Recorded data:
┏━━
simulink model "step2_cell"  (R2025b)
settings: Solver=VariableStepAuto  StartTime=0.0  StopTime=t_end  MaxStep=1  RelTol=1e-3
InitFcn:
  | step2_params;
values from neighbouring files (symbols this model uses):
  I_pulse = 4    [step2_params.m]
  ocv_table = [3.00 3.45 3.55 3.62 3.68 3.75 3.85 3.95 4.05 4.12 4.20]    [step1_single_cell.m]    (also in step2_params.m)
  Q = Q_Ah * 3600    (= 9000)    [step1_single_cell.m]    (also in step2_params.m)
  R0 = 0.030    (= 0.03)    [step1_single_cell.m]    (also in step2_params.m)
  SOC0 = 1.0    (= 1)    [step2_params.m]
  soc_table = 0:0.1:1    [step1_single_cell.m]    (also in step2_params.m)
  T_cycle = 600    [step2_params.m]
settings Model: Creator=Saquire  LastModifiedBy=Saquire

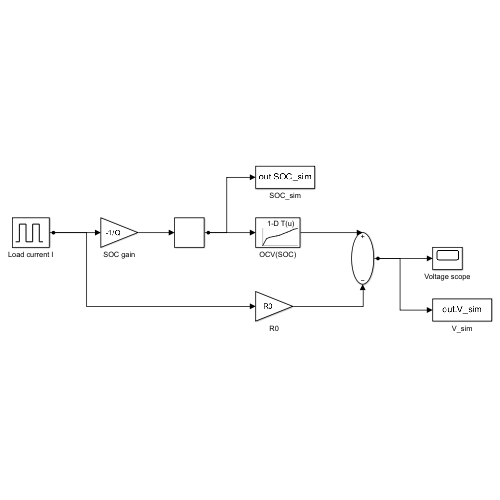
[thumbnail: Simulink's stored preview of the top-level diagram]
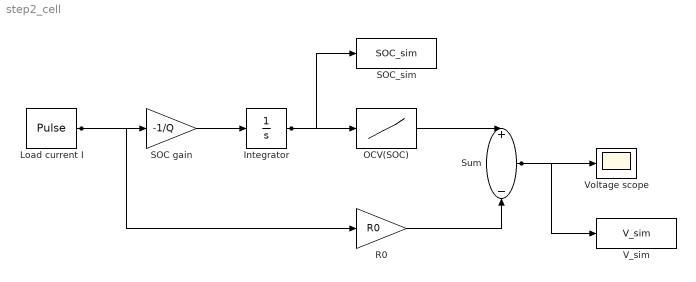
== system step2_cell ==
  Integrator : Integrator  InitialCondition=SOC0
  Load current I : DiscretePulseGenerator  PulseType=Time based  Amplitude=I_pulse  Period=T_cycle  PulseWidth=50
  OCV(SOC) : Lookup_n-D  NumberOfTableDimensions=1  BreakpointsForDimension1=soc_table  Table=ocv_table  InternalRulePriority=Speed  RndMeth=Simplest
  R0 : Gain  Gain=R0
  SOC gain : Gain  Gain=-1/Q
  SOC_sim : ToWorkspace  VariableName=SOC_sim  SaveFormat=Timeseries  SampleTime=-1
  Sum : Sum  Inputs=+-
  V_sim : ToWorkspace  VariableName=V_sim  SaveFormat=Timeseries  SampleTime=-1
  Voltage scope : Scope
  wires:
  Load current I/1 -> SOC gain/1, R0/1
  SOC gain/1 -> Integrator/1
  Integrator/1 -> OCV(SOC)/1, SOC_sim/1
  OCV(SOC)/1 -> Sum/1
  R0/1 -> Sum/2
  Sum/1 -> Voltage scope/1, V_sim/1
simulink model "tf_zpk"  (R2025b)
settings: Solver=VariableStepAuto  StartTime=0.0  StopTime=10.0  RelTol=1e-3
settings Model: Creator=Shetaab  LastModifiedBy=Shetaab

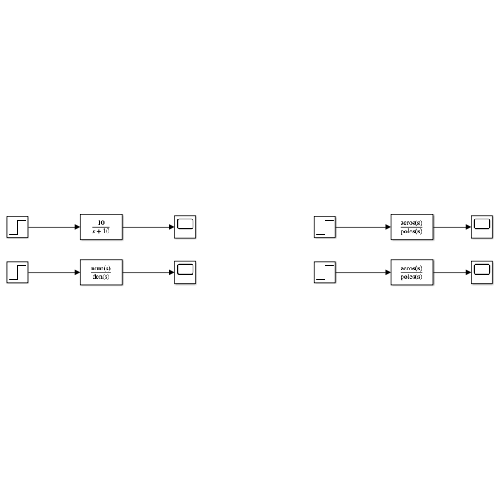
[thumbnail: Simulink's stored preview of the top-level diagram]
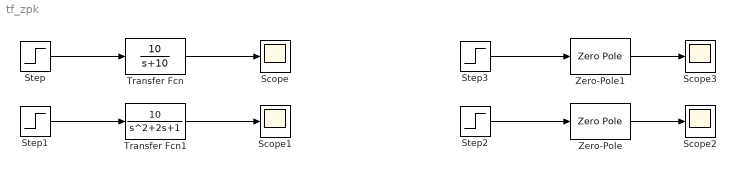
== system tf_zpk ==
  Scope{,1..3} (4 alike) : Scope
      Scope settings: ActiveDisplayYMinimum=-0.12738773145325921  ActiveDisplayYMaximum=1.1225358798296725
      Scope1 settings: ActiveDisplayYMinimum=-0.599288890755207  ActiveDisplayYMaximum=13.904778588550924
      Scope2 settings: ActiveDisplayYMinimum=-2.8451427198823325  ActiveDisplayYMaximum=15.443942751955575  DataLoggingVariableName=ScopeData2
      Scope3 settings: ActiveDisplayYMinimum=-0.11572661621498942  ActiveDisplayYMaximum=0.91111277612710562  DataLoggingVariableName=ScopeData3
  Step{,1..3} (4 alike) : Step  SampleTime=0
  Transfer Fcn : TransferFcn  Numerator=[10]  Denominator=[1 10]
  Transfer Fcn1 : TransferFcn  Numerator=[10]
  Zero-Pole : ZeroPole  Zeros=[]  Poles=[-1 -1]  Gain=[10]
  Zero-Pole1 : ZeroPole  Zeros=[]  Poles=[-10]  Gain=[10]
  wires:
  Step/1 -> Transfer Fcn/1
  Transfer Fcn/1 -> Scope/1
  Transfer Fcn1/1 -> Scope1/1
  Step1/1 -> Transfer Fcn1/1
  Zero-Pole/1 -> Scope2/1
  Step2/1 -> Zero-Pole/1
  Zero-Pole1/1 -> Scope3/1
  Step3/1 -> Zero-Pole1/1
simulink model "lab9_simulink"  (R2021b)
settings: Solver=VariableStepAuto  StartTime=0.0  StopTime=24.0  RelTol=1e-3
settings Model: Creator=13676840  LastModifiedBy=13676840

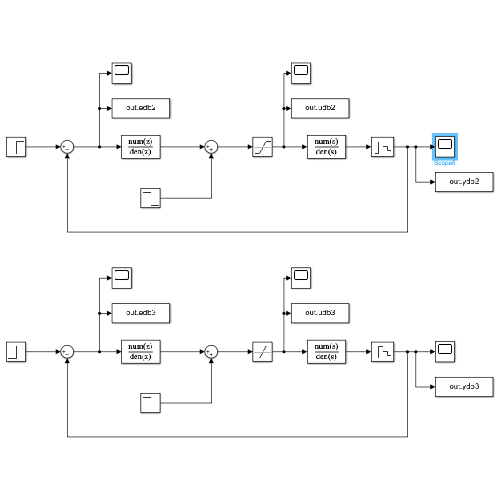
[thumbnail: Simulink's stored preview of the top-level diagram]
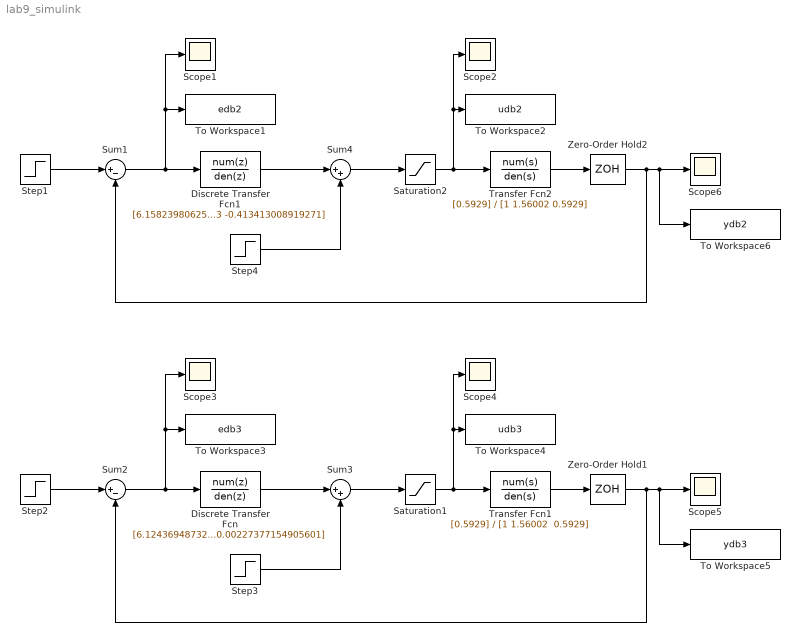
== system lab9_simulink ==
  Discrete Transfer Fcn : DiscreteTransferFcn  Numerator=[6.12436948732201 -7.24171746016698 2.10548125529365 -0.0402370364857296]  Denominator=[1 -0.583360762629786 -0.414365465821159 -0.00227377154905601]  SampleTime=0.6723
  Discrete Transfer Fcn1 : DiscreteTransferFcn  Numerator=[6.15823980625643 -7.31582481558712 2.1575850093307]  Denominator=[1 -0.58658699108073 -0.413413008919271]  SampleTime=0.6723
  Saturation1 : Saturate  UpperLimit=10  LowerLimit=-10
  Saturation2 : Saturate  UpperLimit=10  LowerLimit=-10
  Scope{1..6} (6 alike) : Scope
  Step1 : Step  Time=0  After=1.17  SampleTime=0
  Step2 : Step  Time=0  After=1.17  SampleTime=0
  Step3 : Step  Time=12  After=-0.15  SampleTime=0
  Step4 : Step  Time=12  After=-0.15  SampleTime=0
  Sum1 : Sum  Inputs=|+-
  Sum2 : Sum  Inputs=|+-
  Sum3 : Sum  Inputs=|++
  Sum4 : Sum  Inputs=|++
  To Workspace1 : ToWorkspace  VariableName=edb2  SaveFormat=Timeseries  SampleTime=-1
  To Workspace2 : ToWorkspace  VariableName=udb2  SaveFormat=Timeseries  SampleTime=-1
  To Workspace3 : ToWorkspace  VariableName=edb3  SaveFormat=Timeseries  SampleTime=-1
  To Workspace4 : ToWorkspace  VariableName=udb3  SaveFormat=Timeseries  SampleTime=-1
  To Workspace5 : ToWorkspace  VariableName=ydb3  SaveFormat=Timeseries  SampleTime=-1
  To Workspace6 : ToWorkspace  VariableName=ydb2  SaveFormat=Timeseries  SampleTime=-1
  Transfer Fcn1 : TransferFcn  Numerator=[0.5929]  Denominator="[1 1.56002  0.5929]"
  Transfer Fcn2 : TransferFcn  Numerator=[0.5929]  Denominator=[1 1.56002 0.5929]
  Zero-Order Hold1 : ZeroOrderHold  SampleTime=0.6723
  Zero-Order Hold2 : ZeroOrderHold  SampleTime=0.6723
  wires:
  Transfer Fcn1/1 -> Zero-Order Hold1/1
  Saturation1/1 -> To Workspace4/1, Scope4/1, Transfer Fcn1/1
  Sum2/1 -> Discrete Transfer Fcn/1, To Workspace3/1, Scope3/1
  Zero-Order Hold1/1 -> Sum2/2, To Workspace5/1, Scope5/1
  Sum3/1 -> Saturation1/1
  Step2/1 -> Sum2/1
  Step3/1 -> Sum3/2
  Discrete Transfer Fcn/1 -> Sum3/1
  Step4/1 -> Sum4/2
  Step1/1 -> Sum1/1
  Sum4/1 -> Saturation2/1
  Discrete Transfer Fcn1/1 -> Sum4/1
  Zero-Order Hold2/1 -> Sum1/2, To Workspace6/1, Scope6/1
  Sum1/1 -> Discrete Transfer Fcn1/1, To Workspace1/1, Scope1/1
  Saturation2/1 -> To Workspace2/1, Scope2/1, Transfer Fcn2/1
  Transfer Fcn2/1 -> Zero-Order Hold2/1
┗━━
→ **Task details**: Hand back the records above exactly, leaving out every picture.

→ **Task response**:
simulink model "step2_cell"  (R2025b)
settings: Solver=VariableStepAuto  StartTime=0.0  StopTime=t_end  MaxStep=1  RelTol=1e-3
InitFcn:
  | step2_params;
values from neighbouring files (symbols this model uses):
  I_pulse = 4    [step2_params.m]
  ocv_table = [3.00 3.45 3.55 3.62 3.68 3.75 3.85 3.95 4.05 4.12 4.20]    [step1_single_cell.m]    (also in step2_params.m)
  Q = Q_Ah * 3600    (= 9000)    [step1_single_cell.m]    (also in step2_params.m)
  R0 = 0.030    (= 0.03)    [step1_single_cell.m]    (also in step2_params.m)
  SOC0 = 1.0    (= 1)    [step2_params.m]
  soc_table = 0:0.1:1    [step1_single_cell.m]    (also in step2_params.m)
  T_cycle = 600    [step2_params.m]
settings Model: Creator=Saquire  LastModifiedBy=Saquire

[thumbnail: Simulink's stored preview of the top-level diagram]
== system step2_cell ==
  Integrator : Integrator  InitialCondition=SOC0
  Load current I : DiscretePulseGenerator  PulseType=Time based  Amplitude=I_pulse  Period=T_cycle  PulseWidth=50
  OCV(SOC) : Lookup_n-D  NumberOfTableDimensions=1  BreakpointsForDimension1=soc_table  Table=ocv_table  InternalRulePriority=Speed  RndMeth=Simplest
  R0 : Gain  Gain=R0
  SOC gain : Gain  Gain=-1/Q
  SOC_sim : ToWorkspace  VariableName=SOC_sim  SaveFormat=Timeseries  SampleTime=-1
  Sum : Sum  Inputs=+-
  V_sim : ToWorkspace  VariableName=V_sim  SaveFormat=Timeseries  SampleTime=-1
  Voltage scope : Scope
  wires:
  Load current I/1 -> SOC gain/1, R0/1
  SOC gain/1 -> Integrator/1
  Integrator/1 -> OCV(SOC)/1, SOC_sim/1
  OCV(SOC)/1 -> Sum/1
  R0/1 -> Sum/2
  Sum/1 -> Voltage scope/1, V_sim/1
simulink model "tf_zpk"  (R2025b)
settings: Solver=VariableStepAuto  StartTime=0.0  StopTime=10.0  RelTol=1e-3
settings Model: Creator=Shetaab  LastModifiedBy=Shetaab

[thumbnail: Simulink's stored preview of the top-level diagram]
== system tf_zpk ==
  Scope{,1..3} (4 alike) : Scope
      Scope settings: ActiveDisplayYMinimum=-0.12738773145325921  ActiveDisplayYMaximum=1.1225358798296725
      Scope1 settings: ActiveDisplayYMinimum=-0.599288890755207  ActiveDisplayYMaximum=13.904778588550924
      Scope2 settings: ActiveDisplayYMinimum=-2.8451427198823325  ActiveDisplayYMaximum=15.443942751955575  DataLoggingVariableName=ScopeData2
      Scope3 settings: ActiveDisplayYMinimum=-0.11572661621498942  ActiveDisplayYMaximum=0.91111277612710562  DataLoggingVariableName=ScopeData3
  Step{,1..3} (4 alike) : Step  SampleTime=0
  Transfer Fcn : TransferFcn  Numerator=[10]  Denominator=[1 10]
  Transfer Fcn1 : TransferFcn  Numerator=[10]
  Zero-Pole : ZeroPole  Zeros=[]  Poles=[-1 -1]  Gain=[10]
  Zero-Pole1 : ZeroPole  Zeros=[]  Poles=[-10]  Gain=[10]
  wires:
  Step/1 -> Transfer Fcn/1
  Transfer Fcn/1 -> Scope/1
  Transfer Fcn1/1 -> Scope1/1
  Step1/1 -> Transfer Fcn1/1
  Zero-Pole/1 -> Scope2/1
  Step2/1 -> Zero-Pole/1
  Zero-Pole1/1 -> Scope3/1
  Step3/1 -> Zero-Pole1/1
simulink model "lab9_simulink"  (R2021b)
settings: Solver=VariableStepAuto  StartTime=0.0  StopTime=24.0  RelTol=1e-3
settings Model: Creator=13676840  LastModifiedBy=13676840

[thumbnail: Simulink's stored preview of the top-level diagram]
== system lab9_simulink ==
  Discrete Transfer Fcn : DiscreteTransferFcn  Numerator=[6.12436948732201 -7.24171746016698 2.10548125529365 -0.0402370364857296]  Denominator=[1 -0.583360762629786 -0.414365465821159 -0.00227377154905601]  SampleTime=0.6723
  Discrete Transfer Fcn1 : DiscreteTransferFcn  Numerator=[6.15823980625643 -7.31582481558712 2.1575850093307]  Denominator=[1 -0.58658699108073 -0.413413008919271]  SampleTime=0.6723
  Saturation1 : Saturate  UpperLimit=10  LowerLimit=-10
  Saturation2 : Saturate  UpperLimit=10  LowerLimit=-10
  Scope{1..6} (6 alike) : Scope
  Step1 : Step  Time=0  After=1.17  SampleTime=0
  Step2 : Step  Time=0  After=1.17  SampleTime=0
  Step3 : Step  Time=12  After=-0.15  SampleTime=0
  Step4 : Step  Time=12  After=-0.15  SampleTime=0
  Sum1 : Sum  Inputs=|+-
  Sum2 : Sum  Inputs=|+-
  Sum3 : Sum  Inputs=|++
  Sum4 : Sum  Inputs=|++
  To Workspace1 : ToWorkspace  VariableName=edb2  SaveFormat=Timeseries  SampleTime=-1
  To Workspace2 : ToWorkspace  VariableName=udb2  SaveFormat=Timeseries  SampleTime=-1
  To Workspace3 : ToWorkspace  VariableName=edb3  SaveFormat=Timeseries  SampleTime=-1
  To Workspace4 : ToWorkspace  VariableName=udb3  SaveFormat=Timeseries  SampleTime=-1
  To Workspace5 : ToWorkspace  VariableName=ydb3  SaveFormat=Timeseries  SampleTime=-1
  To Workspace6 : ToWorkspace  VariableName=ydb2  SaveFormat=Timeseries  SampleTime=-1
  Transfer Fcn1 : TransferFcn  Numerator=[0.5929]  Denominator="[1 1.56002  0.5929]"
  Transfer Fcn2 : TransferFcn  Numerator=[0.5929]  Denominator=[1 1.56002 0.5929]
  Zero-Order Hold1 : ZeroOrderHold  SampleTime=0.6723
  Zero-Order Hold2 : ZeroOrderHold  SampleTime=0.6723
  wires:
  Transfer Fcn1/1 -> Zero-Order Hold1/1
  Saturation1/1 -> To Workspace4/1, Scope4/1, Transfer Fcn1/1
  Sum2/1 -> Discrete Transfer Fcn/1, To Workspace3/1, Scope3/1
  Zero-Order Hold1/1 -> Sum2/2, To Workspace5/1, Scope5/1
  Sum3/1 -> Saturation1/1
  Step2/1 -> Sum2/1
  Step3/1 -> Sum3/2
  Discrete Transfer Fcn/1 -> Sum3/1
  Step4/1 -> Sum4/2
  Step1/1 -> Sum1/1
  Sum4/1 -> Saturation2/1
  Discrete Transfer Fcn1/1 -> Sum4/1
  Zero-Order Hold2/1 -> Sum1/2, To Workspace6/1, Scope6/1
  Sum1/1 -> Discrete Transfer Fcn1/1, To Workspace1/1, Scope1/1
  Saturation2/1 -> To Workspace2/1, Scope2/1, Transfer Fcn2/1
  Transfer Fcn2/1 -> Zero-Order Hold2/1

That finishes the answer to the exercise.